Nun mein Problem, zur Zeit spiele ich damit rum die Objekte in normale Dateien (txt) zu mappen, welches ich selben im Konstruktor der jeweiligen Klassen tue. Ich schätze mal das dies einfach nicht Gang und Gebe ist und würde mich interessieren welche Verfahren es noch gibt.
Beziehungsweise meint ihr das mein Server mit der ganzen Filehandling Sache ziemlich schnell "down" geht?
Er ist Multi Threaded programmiert (jeder Login bekommt seinen eigenen Thread).

Würde mich über eure Antworten und Tipps freuen.


Gruß Alex


----------



## DamienX (28. Mai 2008)

Hallo!

Die Frage habe ich mir auch einmal gestellt und ich kann dir nur empfehlen NICHT
die Serialisierung zu wählen.

Der Hauptgrund ist die serielle ID... solltest du irgendetwas an deinem alten "Dateiformat" ändern
stimmen die Checksums nicht mehr zusammen. Damit musst du die Methoden zum schreiben
und lesen ändern und zusätzlich sind (zumindest bei ObjectStreams) deine gesammelten Daten auch
Schrott.

Ich habe daraufhin eine Embedded Datenbank benutzt... 
HSQLDB glaub ich war das! MySQL Lite ist glaub ich auch was in der Richtung.

Grüße Alex


----------



## lohr (28. Mai 2008)

Danke für die fixe Antwort.
Also aus der Richtung hab ich das ganze noch gar nicht gesehen...Was ich aber noch nicht ganz verstehe, die serielle ID bleibt ja immer gleich(sollte sie^^), jedenfalls in einem Lebenszyklus des Obejktes, warum verändert sich dann die Checksumme(sollte man die Dateistruktur ändern, müßte man doch zwangsweise "nur" einen Server Restart machen der dann die Objekte anhand der neuen "Regeln" mapped).

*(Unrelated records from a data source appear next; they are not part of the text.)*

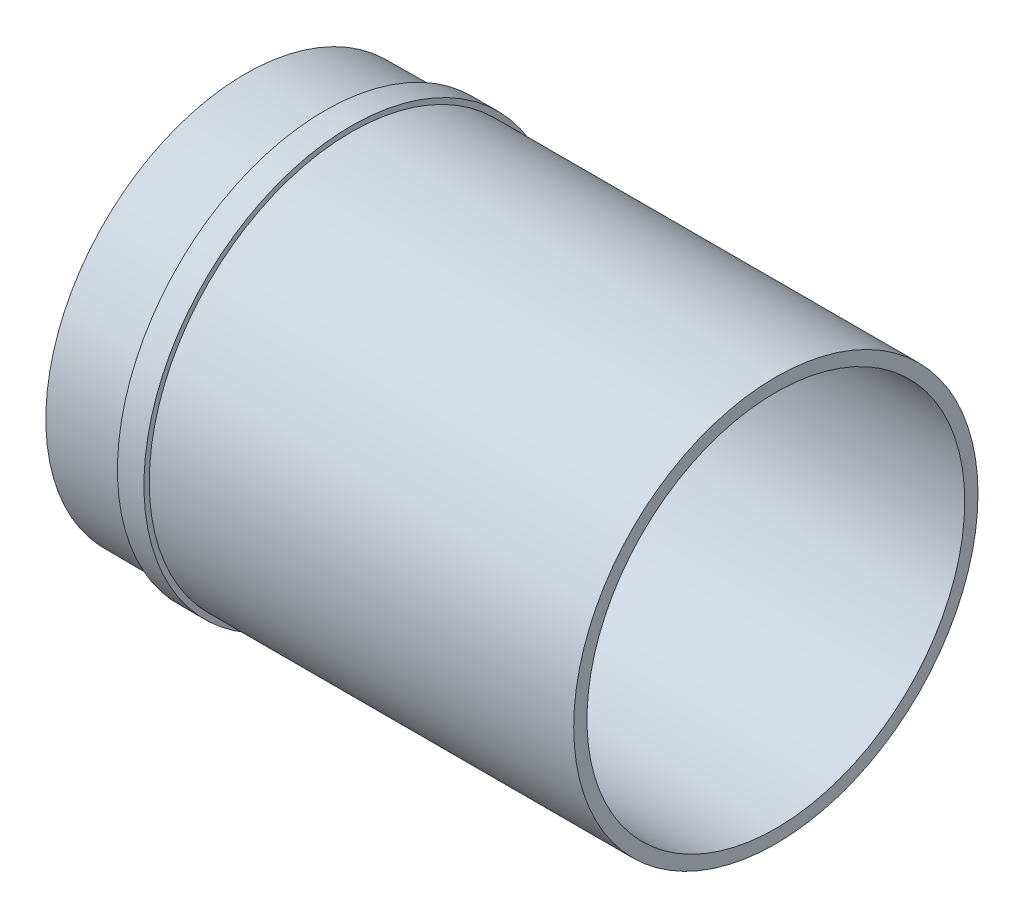
SolidWorks part; units mm, degrees
material "Thornel VCB-20 Carbon Cloth"
ref_plane "Front Plane" through (0, 0, 0) normal (0, 0, 1) x (1, 0, 0)
ref_plane "Top Plane" through (0, 0, 0) normal (0, 1, 0) x (1, 0, 0)
ref_plane "Right Plane" through (0, 0, 0) normal (1, 0, 0) x (0, 0, -1)
sketch "Sketch1" plane through (0, 0, 0) normal (0, 0, 1) x (1, 0, 0)
  line L0 (0, 0) -> (0, 3483.1) construction
  line L1 (0, 3635.5) -> (0, 3633.5)
  line L2 (0, 3557.2968) -> (-750, 3557.2968) construction
  line L3 (0, 3633.5) -> (0, 3635.5) construction
  line L4 (0, 3633.5) -> (160, 3633.5)
  line L5 (-5, 3628.5) -> (160, 3628.5)
  line L6 (-5, 3630.4966) -> (-5, 3628.5)
  line L7 (-750, 3557.2968) -> (-725.3758, 3557.2968)
  line L8 (160, 3633.5) -> (160, 3628.5)
  line L9 (-650, 3576.9205) -> (-650, 3571.8385)
  line L10 (-650, 3571.8385) -> (-600, 3571.8385)
  line L11 (-600, 3571.8385) -> (-600, 3580.5768)
  line L12 (-2.5, 3631) -> (157.5, 3631) construction
  line L13 (-2.5, 3631) -> (157.5, 3631) construction
  line L14 (-725.628, 3559.7968) -> (-725.628, 3559.7968)
  line L15 (-500, 3598.4287) -> (-500, 3595.9046)
  line L18 (157.5, 3631) -> (157.5, 3631)
  line L21 (-2.5, 3632.9991) -> (-2.5, 3631) construction
  line L22 (-2.5, 3632.9991) -> (-2.5, 3631) construction
  line L23 (-470, 3604.991) -> (-470, 3602.4698)
  line L24 (-320, 3621.3893) -> (-320, 3618.8795)
  line L25 (-350, 3616.1014) -> (-350, 3613.5897)
  line L26 (-40, 3632.7798) -> (-40, 3630.2796)
  line L27 (-10, 3632.9862) -> (-10, 3635.4862)
  line L28 (-170, 3629.0204) -> (-170, 3631.5231)
  line L29 (-200, 3627.4907) -> (-200, 3624.9869)
  line L30 (-40, 3630.2796) -> (-40, 3628.5)
  line L31 (-40, 3628.5) -> (-5, 3628.5)
  line L32 (-10, 3632.9862) -> (-10, 3632.6862)
  line L33 (-170, 3629.0204) -> (-170, 3628.7201)
  line L34 (-320, 3618.8795) -> (-320, 3618.5784)
  line L35 (-470, 3602.4698) -> (-470, 3602.1673)
  arc A0 (0, 3635.5) -> (-750, 3557.2968) centre (0, 0) ccw
  arc A1 (-5, 3630.4966) -> (-600, 3580.5768) centre (0, 0) ccw
  arc A2 (-5, 3630.4966) -> (-748.9685, 3552.4043) centre (0, 0) ccw construction
  arc A5 (-650, 3571.8385) -> (-725.3758, 3557.2968) centre (0, 0) ccw
  arc A6 (-5, 3630.4966) -> (-725.3758, 3557.2968) centre (0, 0) ccw construction
  arc A7 (-2.5, 3632.9991) -> (-725.628, 3559.7968) centre (0, 0) ccw construction
  arc A8 (-2.5, 3632.9991) -> (-725.628, 3559.7968) centre (0, 0) ccw construction
  arc A9 (-500, 3598.4287) -> (-470, 3602.4698) centre (0, 0) cw
  arc A10 (-350, 3616.1014) -> (-320, 3618.8795) centre (0, 0) cw
  arc A11 (-10, 3632.9862) -> (-40, 3632.7798) centre (0, 0) ccw
  arc A12 (-170, 3629.0204) -> (-200, 3627.4907) centre (0, 0) ccw
  arc A13 (-40, 3632.4798) -> (-10, 3632.6862) centre (0, 0) cw
  arc A14 (-200, 3627.1903) -> (-170, 3628.7201) centre (0, 0) cw
  arc A15 (-350, 3615.8) -> (-320, 3618.5784) centre (0, 0) cw
  arc A16 (-500, 3598.1258) -> (-470, 3602.1673) centre (0, 0) cw
  dimension "D1" = 7271
  dimension "D7" = 100
  dimension "D10" = 30
  dimension "D8" = 3633
  dimension "D12" = 3633
  dimension "D15" = 3633
  dimension "D18" = 3633
  dimension "D21" = 3632.7
  dimension "D23" = 3632.7
  dimension "D22" = 3632.7
  dimension "D24" = 3632.7
  dimension "D2" = 152.4
  dimension "D3" = 750
  dimension "D4" = 2
  dimension "D5" = 160
  dimension "D9" = 50
  dimension "D11" = 180
  dimension "D13" = 30
  dimension "D14" = 180
  dimension "D16" = 30
  dimension "D17" = 200
  dimension "D19" = 30
  dimension "D20" = 180
  dimension "D6" = 5
revolve "Revolve1" add sketch "Sketch1" angle 360 about L2

Werd mir mal die embedded SQL Dinger anschauen, was genau hab ich darunter zu verstehen?

Gruß Alex


----------



## DamienX (28. Mai 2008)

Die Sache ist die:

Wenn du Objekte in Dateien schreibst bekomm diese eine serielle ID zugewiesen...
Solltest du jetzt in deine Klasse ein neues Feld einfügen (was durchaus denkbar ist)
stimmt deine Klasse nicht mehr mit dem Objekt in der Datei zusammen und du wirst deine 
Daten nicht mehr lesen können... 

könnte mir vorstellen dass man dies umgehen kann indem man bei jeder Änderung des Klasse
die Klasse neu ableitet und dann die Alte konvertiert aber das wär mir persönlich zu umständlich.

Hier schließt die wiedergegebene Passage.